I was coaxed into buying a magazine subscription that would presumably go towards cancer research, by a guy who said he was in a frat on campus that was hosting a fundraising competition. He approached me as I was on my way to a meeting, chatting amiably and making jokes and generally being friendly, pitching his magazines, the grand prize trip to London for his frat, and the good cause this was all going to. I agreed to listen, and he was frustratingly persuasive. I agreed to help him out, thinking that I had to shell out at most $40 or so. We went to the ATM so I could pay him; I had no checks on me. (What college kid does??)

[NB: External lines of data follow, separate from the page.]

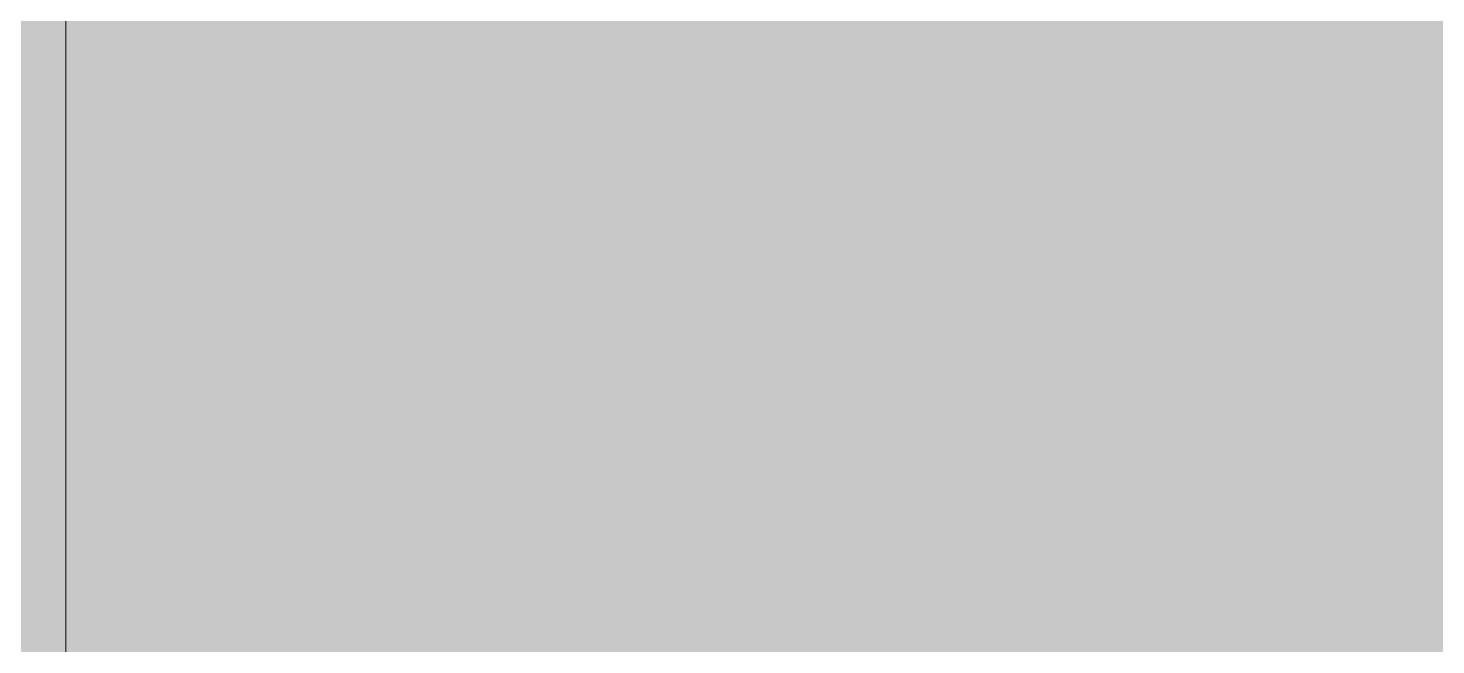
# Model space of a CAD drawing. Header units: inches. Extents: x -507 to 1392, y -754 to 68.
# Drawn here: x -14.26 to 33.11, y -452.77 to -432.03 of the extents above; entities that cross this region are included whole.
import ezdxf

# ---------------------------------------------------------------- set-up
doc = ezdxf.new("R2010")
doc.units = ezdxf.units.IN
doc.header["$MEASUREMENT"] = 0
doc.layers.add('Front', color=7, linetype='Continuous')
picture_1 = doc.add_image_def('image1.png', size_in_pixel=(3301, 2181))
picture_2 = doc.add_image_def('image10.png', size_in_pixel=(3013, 3012))

# ---------------------------------------------------------------- blocks, each defined once
blk = doc.blocks.new('block 3')
at = {"layer": 'Front', "true_color": 0x326699}
h = blk.add_hatch(color=165, dxfattribs=at)
h.dxf.hatch_style = 2
h.paths.add_polyline_path([(-211, -462.1), (-211, 61.249), (581, 61.249), (581, -462.1)])
h = blk.add_hatch(color=165, dxfattribs=at)
h.dxf.hatch_style = 2
h.paths.add_polyline_path([(-13, -462.1), (-13, 61.249), (185, 61.249), (185, -462.1)])
at = {"layer": 'Front', "lineweight": 0}
blk.add_lwpolyline([(-13, -462.1), (-13, 61.249), (185, 61.249), (185, -462.1), (-13, -462.1)], dxfattribs=at)
at = {"layer": 'Front'}
image = blk.add_image(picture_1, insert=(-211, -462.191), size_in_units=(792.24, 523.44), dxfattribs=at)

msp = doc.modelspace()

# ---------------------------------------------------------------- block references
at = {"layer": 'Front'}
msp.add_blockref('block 3', (0, 0), dxfattribs=at)

# ---------------------------------------------------------------- pictures from other files: only their frames are drawn
image = msp.add_image(picture_2, insert=(-506.916, -754.387), size_in_units=(723.12, 722.88), dxfattribs=at)

doc.saveas('drawing.dxf')

He told me to pull $148 out of the ATM (and I, running on 4 hours of sleep and completely stressed/taken by surprise, didn't bother to check whatever receipt he wrote me and did it). I paid him, feeling bad because I hadn't expected to spend that much money but convincing myself it was going to a good cause. After all the time he spent talking to me, I felt bad about turning him away when I was standing at the ATM to pay him. I had a meeting to go to; I left, and he did too. The whole thing was done in less than fifteen minutes.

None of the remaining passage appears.